Here were last night’s goals:
- Pick up corpses
I had a particular problem with corpses. The player can’t move through them (although, due to a bug, the NPCs can), so corpses could potentially clog up the map, making completion impossible. I needed a good way to clear corpses. Eating them, as is done in Nethack, seemed yucky, but I thought it might be fun to pick them up and then toss them at NPCs for damage. Unfortunately, my current ‘get’ code only picks up what is where you are standing, and you can’t stand on corpses. I opted to just write a service that checks every 30 seconds for corpses, and then removes any it finds. - Item uses
The one behavior I don’t want is for the player to run through all the NPCs, get the wand of fire, and then just blast everything away from range. I added a random number of uses to every item. Once those are used up, I wrote another service that quietly removes the item from your inventory. I also limited your inventory to ten items, so stocking up would be more difficult. I also added damage to each weapon (previously, they all did just one damage), and a percent to hit chance (previously, they all always hit). This means that the player will always have to keep finding new items. Powerful items have very few uses, and the NPCs can use up those charges as well.
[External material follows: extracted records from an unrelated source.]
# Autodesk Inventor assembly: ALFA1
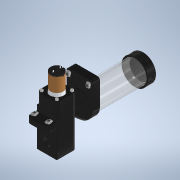
[picture p0: Inventor's stored thumbnail of the model, 180x180]
Saved by Autodesk Inventor 2020.2 (Build 242310000, 310)
## iProperties
Created: 2020-11-09
Part Number: ALFA1
Document SubType Name: Assembly
Designer: JK
Author: JK
## Documents named in this file (15)
- C:\Users\JK\Documents\Inventor\BioMixer\DispensadorPolvo\DispensadordePolvo.iam
- C:\Users\JK\Documents\Inventor\BioMixer\DispensadorPolvo\JGA25-372 24V Motor.ipt
- C:\Users\JK\Documents\Inventor\BioMixer\DispensadorPolvo\Bearing.ipt
- C:\Users\JK\Documents\Inventor\BioMixer\DispensadorPolvo\soportemotor.ipt
- C:\Users\JK\Documents\Inventor\BioMixer\DispensadorPolvo\taparodamiento.ipt
- C:\Users\JK\Documents\Inventor\BioMixer\DispensadorPolvo\TornilloDCGrande.ipt
- C:\Users\JK\Documents\Inventor\BioMixer\DispensadorPolvo\Conjuntocontenedor.iam
- C:\Users\JK\Documents\Inventor\BioMixer\DispensadorPolvo\PernoM5x15Plano.ipt
- C:\Users\JK\Documents\Inventor\BioMixer\DispensadorPolvo\TuercaTM5Perfil2020.ipt
- C:\Users\JK\Documents\Inventor\BioMixer\DispensadorPolvo\BarrilDispensador.ipt
- C:\Users\JK\Documents\Inventor\BioMixer\DispensadorPolvo\PernoM3x6Avellanado.ipt
- C:\Users\JK\Documents\Inventor\BioMixer\DispensadorPolvo\TuercaM3.ipt
- C:\Users\JK\Documents\Inventor\BioMixer\DispensadorPolvo\PernoM3x10Parker.ipt
- C:\Users\JK\Documents\Inventor\BioMixer\DispensadorPolvo\PernoM3x30Parker.ipt
- C:\Users\JK\Documents\Inventor\BioMixer\DispensadorPolvo\PrisioneroM3x6.ipt
## Components (31 placed, 14 different names)
1. JGA25-372 24V Motor:1 — Mate:17, Mate:18, Mate:19, Mate:22, Mate:27, Mate:30, Mate:31, Mate:39, Mate:40, Mate:59
2. BarrilDispensador:1 — Mate:25, Mate:26, Mate:27, Mate:28, Mate:29, Flush:1, Mate:32, Mate:33, Mate:34, Mate:35, Angle:2, Angle:3, Mate:38, Flush:5, Angle:4, Angle:5, Angle:6, Angle:7, Angle:8, Angle:9, Angle:10, Angle:11, Mate:49, Mate:50
3. Bearing:1 — Mate:25, Mate:26
4. soportemotor:1 — Mate:17, Mate:18, Mate:19, Mate:29, Flush:1, Angle:1, Flush:6, Flush:7, Mate:60, Mate:61
5. taparodamiento:1 — Mate:22, Mate:28, Flush:5, Mate:41, Mate:42, Mate:43, Mate:44, Mate:46, Mate:47, Mate:48, Mate:51, Mate:52, Mate:53, Mate:54, Mate:55
6. TornilloDCGrande:1 — Mate:30, Mate:31, Mate:56, Angle:12, Mate:58
7. Conjuntocontenedor:1 [sub-assembly] — Mate:32, Angle:1
8. PernoM5x15Plano:1 — Mate:34, Flush:3, Mate:37
9. PernoM5x15Plano:2 — Mate:33, Flush:3, Mate:35, Mate:36
10. TuercaTM5Perfil2020:1 — Mate:36, Angle:2, Flush:4, Mate:38
11. TuercaTM5Perfil2020:2 — Mate:37, Angle:3, Flush:4
12. PernoM3x6Avellanado:1 — Mate:39, Flush:6
13. PernoM3x6Avellanado:2 — Mate:40, Flush:7
14. TuercaM3:1 — Mate:43, Angle:6, Flush:10
15. TuercaM3:2 — Angle:9, Flush:11, Mate:47, Mate:49
16. TuercaM3:3 — Mate:44, Angle:7, Flush:9, Mate:50
17. TuercaM3:4 — Angle:10, Flush:13, Mate:48
18. TuercaM3:5 — Angle:11, Flush:12, Mate:46
19. TuercaM3:6 — Angle:8, Mate:45, Flush:11, Flush:12, Flush:13
20. TuercaM3:7 — Mate:42, Angle:4, Flush:8
21. TuercaM3:8 — Mate:41, Angle:5, Mate:45, Flush:8, Flush:9, Flush:10
22. PernoM3x10Parker:1 — Mate:51, Mate:52, Flush:14
23. PernoM3x10Parker:2 — Mate:55, Flush:16
24. PernoM3x10Parker:3 — Mate:53, Flush:14, Flush:15
25. PernoM3x10Parker:4 — Mate:54, Flush:15, Flush:16
26. PrisioneroM3x6:1 — Mate:56, Mate:57, Mate:59
27. TuercaM3:9 — Mate:57, Angle:12, Mate:58
28. PernoM3x30Parker:3 — Mate:60, Mate:61
29. PernoM3x30Parker:5
30. PernoM3x30Parker:6
31. PernoM3x30Parker:7
## Component patterns: (4 elements, first: PernoM3x30Parker:3)
## Relationships (68: Mate 41, Flush 15, Angle 12)
- Mate:17: JGA25-372 24V Motor:1 ↔ soportemotor:1
- Mate:18: JGA25-372 24V Motor:1 ↔ soportemotor:1
- Mate:19: JGA25-372 24V Motor:1 ↔ soportemotor:1
- Mate:22: JGA25-372 24V Motor:1 ↔ taparodamiento:1
- Mate:25: BarrilDispensador:1 ↔ Bearing:1
- Mate:26: BarrilDispensador:1 ↔ Bearing:1
- Mate:27: JGA25-372 24V Motor:1 ↔ BarrilDispensador:1
- Mate:28: BarrilDispensador:1 ↔ taparodamiento:1
- Mate:29: BarrilDispensador:1 ↔ soportemotor:1
- Flush:1: BarrilDispensador:1 ↔ soportemotor:1
- Mate:30: JGA25-372 24V Motor:1 ↔ TornilloDCGrande:1
- Mate:31: JGA25-372 24V Motor:1 ↔ TornilloDCGrande:1
- Mate:32: BarrilDispensador:1 ↔ Conjuntocontenedor:1
- Angle:1 (0 deg): soportemotor:1 ↔ Conjuntocontenedor:1
- Mate:33: BarrilDispensador:1 ↔ PernoM5x15Plano:2
- Mate:34: BarrilDispensador:1 ↔ PernoM5x15Plano:1
- Flush:3: PernoM5x15Plano:1 ↔ PernoM5x15Plano:2
- Mate:35: BarrilDispensador:1 ↔ PernoM5x15Plano:2
- Mate:36: PernoM5x15Plano:2 ↔ TuercaTM5Perfil2020:1
- Mate:37: PernoM5x15Plano:1 ↔ TuercaTM5Perfil2020:2
- Angle:2 (0 deg): BarrilDispensador:1 ↔ TuercaTM5Perfil2020:1
- Angle:3 (0 deg): BarrilDispensador:1 ↔ TuercaTM5Perfil2020:2
- Flush:4: TuercaTM5Perfil2020:1 ↔ TuercaTM5Perfil2020:2
- Mate:38 (0.5 mm): BarrilDispensador:1 ↔ TuercaTM5Perfil2020:1
- Flush:5: BarrilDispensador:1 ↔ taparodamiento:1
- Mate:39: JGA25-372 24V Motor:1 ↔ PernoM3x6Avellanado:1
- Flush:6: soportemotor:1 ↔ PernoM3x6Avellanado:1
- Mate:40: JGA25-372 24V Motor:1 ↔ PernoM3x6Avellanado:2
- Flush:7: soportemotor:1 ↔ PernoM3x6Avellanado:2
- Mate:41: taparodamiento:1 ↔ TuercaM3:8
- Mate:42: taparodamiento:1 ↔ TuercaM3:7
- Mate:43: taparodamiento:1 ↔ TuercaM3:1
- Mate:44: taparodamiento:1 ↔ TuercaM3:3
- Angle:4 (0 deg): BarrilDispensador:1 ↔ TuercaM3:7
- Angle:5 (0 deg): BarrilDispensador:1 ↔ TuercaM3:8
- Angle:6 (0 deg): BarrilDispensador:1 ↔ TuercaM3:1
- Angle:7 (0 deg): BarrilDispensador:1 ↔ TuercaM3:3
- Angle:8 (0 deg): BarrilDispensador:1 ↔ TuercaM3:6
- Angle:9 (0 deg): BarrilDispensador:1 ↔ TuercaM3:2
- Angle:10 (0 deg): BarrilDispensador:1 ↔ TuercaM3:4
- Angle:11 (0 deg): BarrilDispensador:1 ↔ TuercaM3:5
- Mate:45: TuercaM3:6 ↔ TuercaM3:8
- Flush:8: TuercaM3:7 ↔ TuercaM3:8
- Flush:9: TuercaM3:3 ↔ TuercaM3:8
- Flush:10: TuercaM3:1 ↔ TuercaM3:8
- Flush:11: TuercaM3:2 ↔ TuercaM3:6
- Flush:12: TuercaM3:5 ↔ TuercaM3:6
- Flush:13: TuercaM3:4 ↔ TuercaM3:6
- Mate:46: taparodamiento:1 ↔ TuercaM3:5
- Mate:47: taparodamiento:1 ↔ TuercaM3:2
- Mate:48: taparodamiento:1 ↔ TuercaM3:4
- Mate:49: BarrilDispensador:1 ↔ TuercaM3:2
- Mate:50: BarrilDispensador:1 ↔ TuercaM3:3
- Mate:51: taparodamiento:1 ↔ PernoM3x10Parker:1
- Mate:52: taparodamiento:1 ↔ PernoM3x10Parker:1
- Mate:53: taparodamiento:1 ↔ PernoM3x10Parker:3
- Mate:54: taparodamiento:1 ↔ PernoM3x10Parker:4
- Mate:55: taparodamiento:1 ↔ PernoM3x10Parker:2
- Flush:14: PernoM3x10Parker:1 ↔ PernoM3x10Parker:3
- Flush:15: PernoM3x10Parker:3 ↔ PernoM3x10Parker:4
- Flush:16: PernoM3x10Parker:2 ↔ PernoM3x10Parker:4
- Mate:56: TornilloDCGrande:1 ↔ PrisioneroM3x6:1
- Mate:57: PrisioneroM3x6:1 ↔ TuercaM3:9
- Angle:12 (0 deg): TornilloDCGrande:1 ↔ TuercaM3:9
- Mate:58: TornilloDCGrande:1 ↔ TuercaM3:9
- Mate:59: JGA25-372 24V Motor:1 ↔ PrisioneroM3x6:1
- Mate:60: soportemotor:1 ↔ PernoM3x30Parker:3
- Mate:61: soportemotor:1 ↔ PernoM3x30Parker:3
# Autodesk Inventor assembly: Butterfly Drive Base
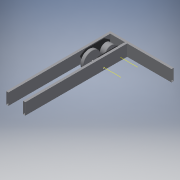
[picture p0: Inventor's stored thumbnail of the model, 180x180]
Saved by Autodesk Inventor 2019 (Build 230136000, 136)
## iProperties
Created: 2019-10-19
Part Number: Butterfly Drive Base
Document SubType Name: Assembly
Designer: Mark
Author: Mark
## Documents named in this file (6)
- C:\Users\Mark\Desktop\7738 Helion Engineering\7738-CAD-prep\Butterfly drive\Butterfly Drive Base.iam
- C:\Users\Mark\Desktop\7738 Helion Engineering\7738-CAD-prep\Butterfly drive\Butterfly Drive Module.iam
- C:\Users\Mark\Desktop\7738 Helion Engineering\7738-CAD-prep\Butterfly drive\Side Extrusion.ipt
- C:\Users\Mark\Desktop\7738 Helion Engineering\7738-CAD-prep\Butterfly drive\Module Plate 1.ipt
- C:\Users\Mark\Desktop\7738 Helion Engineering\7738-CAD-prep\Butterfly drive\Side Extrusion 2.ipt
- C:\Users\Mark\Desktop\7738 Helion Engineering\7738-CAD-prep\Butterfly drive\Back Extrusion 1.ipt
## Components (4 placed, 4 different names)
1. Butterfly Drive Module:1 [sub-assembly] — Rotational:1, Rotational:2
2. Side Extrusion:1 — Rotational:1, Angle:1
3. Side Extrusion 2:1 — Rotational:2, Angle:1, Rigid:1
4. Back Extrusion 1:1 — Rigid:1
## Relationships (4: RevoluteJoint 2, Angle 1, WeldJoint 1)
- Rotational:1 [RevoluteJoint] (5 mm): Butterfly Drive Module:1 ↔ Side Extrusion:1
- Rotational:2 [RevoluteJoint] (-5 mm): Butterfly Drive Module:1 ↔ Side Extrusion 2:1
- Angle:1 (0 deg): Side Extrusion:1 ↔ Side Extrusion 2:1
- Rigid:1 [WeldJoint]: Side Extrusion 2:1 ↔ Back Extrusion 1:1

I’d also thought to just have weapon uses stack, such that if you had a sword with 5 uses, and then you took a sword with 10 uses from an NPC, you would now have a sword with 15 uses. It quickly became clear that the player would soon have all possible items with so many uses that this would stop being any sort of limitation. I don’t want to see the player with a Wand of Fire that they can spam to cheese every encounter. - Wizard room
Becoming the Wizard of Yendor and blasting the NPC that finally brought the Amulet to the final room would be cheesy, so I wanted the player to lose the Amulet upon entering the final room. The Wizard can then use her lightning wand that does some crazy amount of damage to incinerate the player. Yes, there will be something the player can do to block this attack, but I need to leave some surprises.
To test situations where there are multiple NPCs in a room, I loaded up the Training Room with a bunch of them. I immediately found issues where NPCs were unresponsive, moved on top of each other, or kept moving between two spaces when they didn’t need to move at all. When I set specific spots for them to spawn in Tiled, sometimes they’d spawn there, sometimes no.
So, that meant a bit of debugging I didn’t necessarily want to do, but had to do.
Today, I’m taking a personal day at work to “jam” and create a script that can create an arbitrary number of dungeon levels, and then take it for a spin. Tomorrow, Saturday, the last day of the challenge, will be about tuning.